- [What is expected] Look below for the line that contains "line L2 (8.0568, 19.5389)", then copy it and each following line exactly, through and including the line that contains "line L20 (2.5501, 8.1882)".

(Records for this exercise begins)

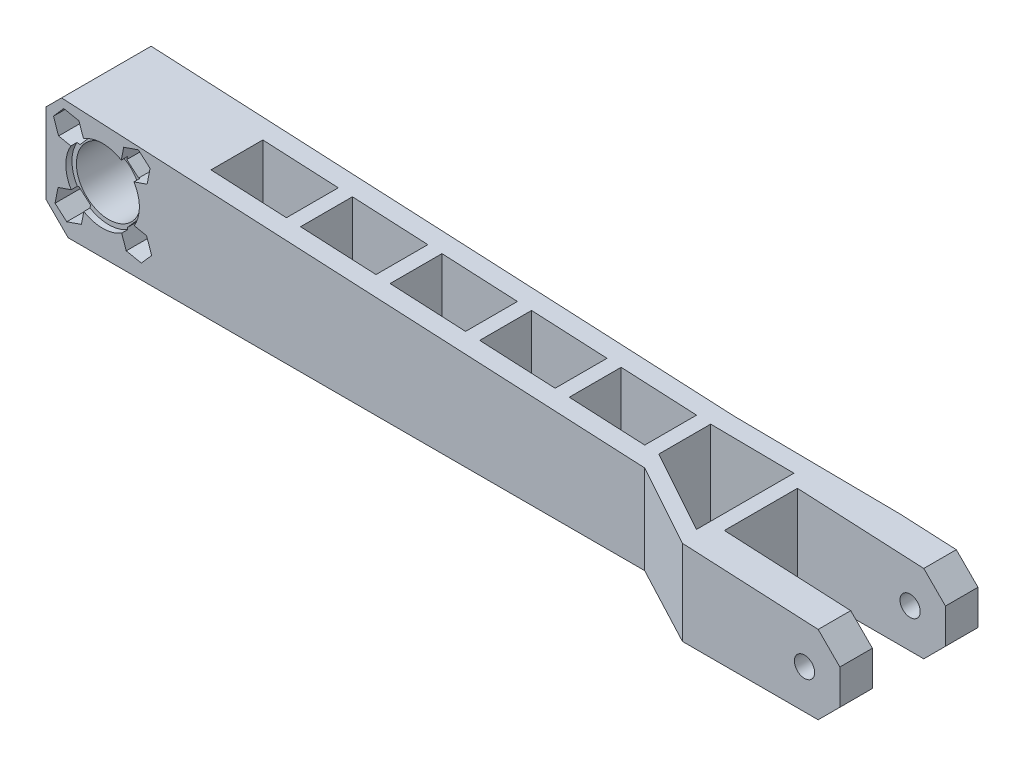
SolidWorks part; units mm, degrees
ref_plane "前视基准面" through (0, 0, 0) normal (0, 0, 1) x (1, 0, 0)
ref_plane "上视基准面" through (0, 0, 0) normal (0, 1, 0) x (1, 0, 0)
ref_plane "右视基准面" through (0, 0, 0) normal (1, 0, 0) x (0, 0, -1)
sketch "草图1" plane through (0, 0, 0) normal (0, 1, 0) x (1, 0, 0)
  line L0 (0, 0) -> (0, 19)
  line L1 (0, 19) -> (127, 19)
  line L2 (127, 19) -> (161, 20.3)
  line L3 (161, 20.3) -> (177.4, 20.3)
  line L7 (177.4, -9) -> (144, -9)
  line L8 (144, -9) -> (127, 0)
  line L9 (127, 0) -> (0, 0)
  line L10 (177.4, -9) -> (177.4, -2.1)
  line L11 (177.4, -2.1) -> (146, -2.1)
  line L13 (146, -2.1) -> (146, 13.4)
  line L15 (146, 13.4) -> (177.4, 13.4)
  line L16 (177.4, 13.4) -> (177.4, 20.3)
  line L17 (0, 9.5) -> (148.8744, 9.5) construction
  line L18 (31, 15) -> (47, 15)
  line L19 (31, 15) -> (31, 4)
  line L20 (31, 4) -> (47, 4)
  line L21 (47, 15) -> (47, 4)
  line L22 (126, 15) -> (126, 4)
  line L23 (50, 4) -> (66, 4)
  line L24 (50, 4) -> (50, 15)
  line L25 (50, 15) -> (66, 15)
  line L26 (66, 4) -> (66, 15)
  line L27 (69, 4) -> (85, 4)
  line L28 (69, 4) -> (69, 15)
  line L29 (69, 15) -> (85, 15)
  line L30 (85, 4) -> (85, 15)
  line L31 (126, 4) -> (143, -5)
  line L32 (143, -5) -> (143, 15.65)
  line L33 (143, 15.65) -> (126, 15)
  line L34 (88, 4) -> (88, 15)
  line L35 (88, 4) -> (104, 4)
  line L36 (104, 4) -> (104, 15)
  line L37 (88, 15) -> (104, 15)
  line L38 (107, 4) -> (107, 15)
  line L39 (107, 4) -> (123, 4)
  line L40 (123, 4) -> (123, 15)
  line L41 (107, 15) -> (123, 15)
  dimension "D1" = 15.5
  dimension "D2" = 19
  dimension "D3" = 6.9
  dimension "D4" = 6.9
  dimension "D5" = 31.4
  dimension "D6" = 33.4
  dimension "D7" = 9
  dimension "D8" = 16.4
  dimension "D9" = 20
  dimension "D10" = 126
  dimension "D11" = 1
  dimension "D12" = 31
  dimension "D13" = 11
  dimension "D14" = 16
  dimension "D15" = 3
  dimension "D16" = 3
  dimension "D17" = 16
  dimension "D18" = 16
  dimension "D19" = 3
  dimension "D20" = 3
extrude "凸台-拉伸1" add sketch "草图1" along normal blind 25
sketch "草图2" plane through (0, 0, 9) normal (0, 0, 1) x (1, 0, 0)
  line L0 (0, 21.7012) -> (3.2988, 25)
  line L1 (0, 25) -> (0, 0) construction
  line L2 (0, 25) -> (127, 25) construction
  line L3 (3.2988, 25) -> (172.7967, 16.6065)
  line L5 (172.7967, 16.6065) -> (177.4, 12.0033)
  line L6 (177.4, 25) -> (177.4, 0) construction
  line L7 (177.4, 12.0033) -> (177.4, 4.6033)
  line L8 (177.4, 4.6033) -> (172.7967, 0)
  line L9 (144, 0) -> (177.4, 0) construction
  line L10 (172.7967, 0) -> (4.7012, 0)
  line L11 (0, 0) -> (127, 0) construction
  line L12 (4.7012, 0) -> (0, 4.7012)
  line L13 (0, 4.7012) -> (0, 21.7012)
  line L14 (0, 13.2012) -> (18.5484, 13.2012) construction
  line L15 (177.4, 8.3033) -> (161.5581, 8.3033) construction
  circle A0 centre (169.9, 8.3033) radius 2.15
  circle A1 centre (12, 13.2012) radius 6.85
  dimension "D7" = 45
  dimension "D8" = 12
  dimension "D9" = 7.5
  dimension "D6" = 157.9
  dimension "D13" = 13.7
  dimension "D14" = 4.3
  dimension "D2" = 17
  dimension "D3" = 45
  dimension "D4" = 45
  dimension "D5" = 7.4
  dimension "D10" = 6.51
  dimension "D11" = 6.51
  dimension "D12" = 45
extrude "切除-拉伸1" cut sketch "草图2" against normal through all flip side to cut
sketch "草图3" plane through (0, 0, 0) normal (0, 0, 1) x (1, 0, 0)
  circle A0 centre (12, 13.2012) radius 7.8
  dimension "D1" = 15.6
extrude "切除-拉伸2" cut sketch "草图3" against normal blind 1.3
sketch "草图4" plane through (0, 0, -19) normal (0, 0, -1) x (-1, 0, 0)
  circle A0 centre (-12, 13.2012) radius 7.85
  dimension "D1" = 15.7
extrude "切除-拉伸3" cut sketch "草图4" against normal blind 1.3
sketch "草图5" plane through (0, 0, 0) normal (0, 0, 1) x (1, 0, 0)
  line L0 (15.8552, 19.3047) -> (18.3377, 17.1444)
  line L1 (5.8965, 17.0564) -> (8.0568, 19.5389)
  line L2 (8.0568, 19.5389) -> (6.987, 22.6511)
  line L3 (6.987, 22.6511) -> (3.7569, 23.2807)
  line L4 (3.7569, 23.2807) -> (1.5966, 20.7981)
  line L5 (1.5966, 20.7981) -> (2.6664, 17.686)
  line L6 (2.6664, 17.686) -> (5.8965, 17.0564)
  line L7 (18.3377, 17.1444) -> (21.4499, 18.2142)
  line L8 (21.4499, 18.2142) -> (22.0795, 21.4444)
  line L9 (22.0795, 21.4444) -> (19.5969, 23.6047)
  line L10 (19.5969, 23.6047) -> (16.4848, 22.5349)
  line L11 (16.4848, 22.5349) -> (15.8552, 19.3047)
  line L12 (18.1035, 9.3461) -> (15.9432, 6.8635)
  line L13 (15.9432, 6.8635) -> (17.013, 3.7514)
  line L14 (17.013, 3.7514) -> (20.2431, 3.1218)
  line L15 (20.2431, 3.1218) -> (22.4034, 5.6043)
  line L16 (22.4034, 5.6043) -> (21.3336, 8.7165)
  line L17 (21.3336, 8.7165) -> (18.1035, 9.3461)
  line L18 (8.1448, 7.0977) -> (5.6623, 9.258)
  line L19 (5.6623, 9.258) -> (2.5501, 8.1882)
  line L20 (2.5501, 8.1882) -> (1.9205, 4.9581)
  line L21 (1.9205, 4.9581) -> (4.4031, 2.7978)
  line L22 (4.4031, 2.7978) -> (7.5152, 3.8676)
  line L23 (7.5152, 3.8676) -> (8.1448, 7.0977)
  circle A5 centre (4.8267, 20.1685) radius 2.85 construction
  circle A6 centre (12, 13.2012) radius 6.85 construction
  circle A7 centre (4.8267, 20.1685) radius 1.5056
  circle A8 centre (18.9673, 20.3745) radius 1.5056
  circle A9 centre (19.1733, 6.2339) radius 1.5056
  circle A10 centre (5.0327, 6.0279) radius 1.5056
  point P31 (12, 13.2012)
  point P39 (12, 13.2012)
  dimension "D1" = 5.7
  dimension "D2" = 10
  dimension "D3" = 4
extrude "切除-拉伸5" cut sketch "草图5" against normal blind 7 contours L18 L19 L20 L21 L22 L23 | L1 L2 L3 L4 L5 L6 | L0 L7 L8 L9 L10 L11 | L12 L13 L14 L15 L16 L17
extrude "切除-拉伸6" cut sketch "草图5<3>" against normal through all contours A10 | A7 | A8 | A9 region at (4.8267, 20.1685, 0) region at (18.9673, 20.3745, 0) region at (19.1733, 6.2339, 0) region at (5.0327, 6.0279, 0)
sketch "草图5<3>" plane through (0, 0, 0) normal (0, 0, 1) x (1, 0, 0) same geometry as "草图5"

(Records for this exercise ends)

- [Result of this exercise]
  line L2 (8.0568, 19.5389) -> (6.987, 22.6511)
  line L3 (6.987, 22.6511) -> (3.7569, 23.2807)
  line L4 (3.7569, 23.2807) -> (1.5966, 20.7981)
  line L5 (1.5966, 20.7981) -> (2.6664, 17.686)
  line L6 (2.6664, 17.686) -> (5.8965, 17.0564)
  line L7 (18.3377, 17.1444) -> (21.4499, 18.2142)
  line L8 (21.4499, 18.2142) -> (22.0795, 21.4444)
  line L9 (22.0795, 21.4444) -> (19.5969, 23.6047)
  line L10 (19.5969, 23.6047) -> (16.4848, 22.5349)
  line L11 (16.4848, 22.5349) -> (15.8552, 19.3047)
  line L12 (18.1035, 9.3461) -> (15.9432, 6.8635)
  line L13 (15.9432, 6.8635) -> (17.013, 3.7514)
  line L14 (17.013, 3.7514) -> (20.2431, 3.1218)
  line L15 (20.2431, 3.1218) -> (22.4034, 5.6043)
  line L16 (22.4034, 5.6043) -> (21.3336, 8.7165)
  line L17 (21.3336, 8.7165) -> (18.1035, 9.3461)
  line L18 (8.1448, 7.0977) -> (5.6623, 9.258)
  line L19 (5.6623, 9.258) -> (2.5501, 8.1882)
  line L20 (2.5501, 8.1882) -> (1.9205, 4.9581)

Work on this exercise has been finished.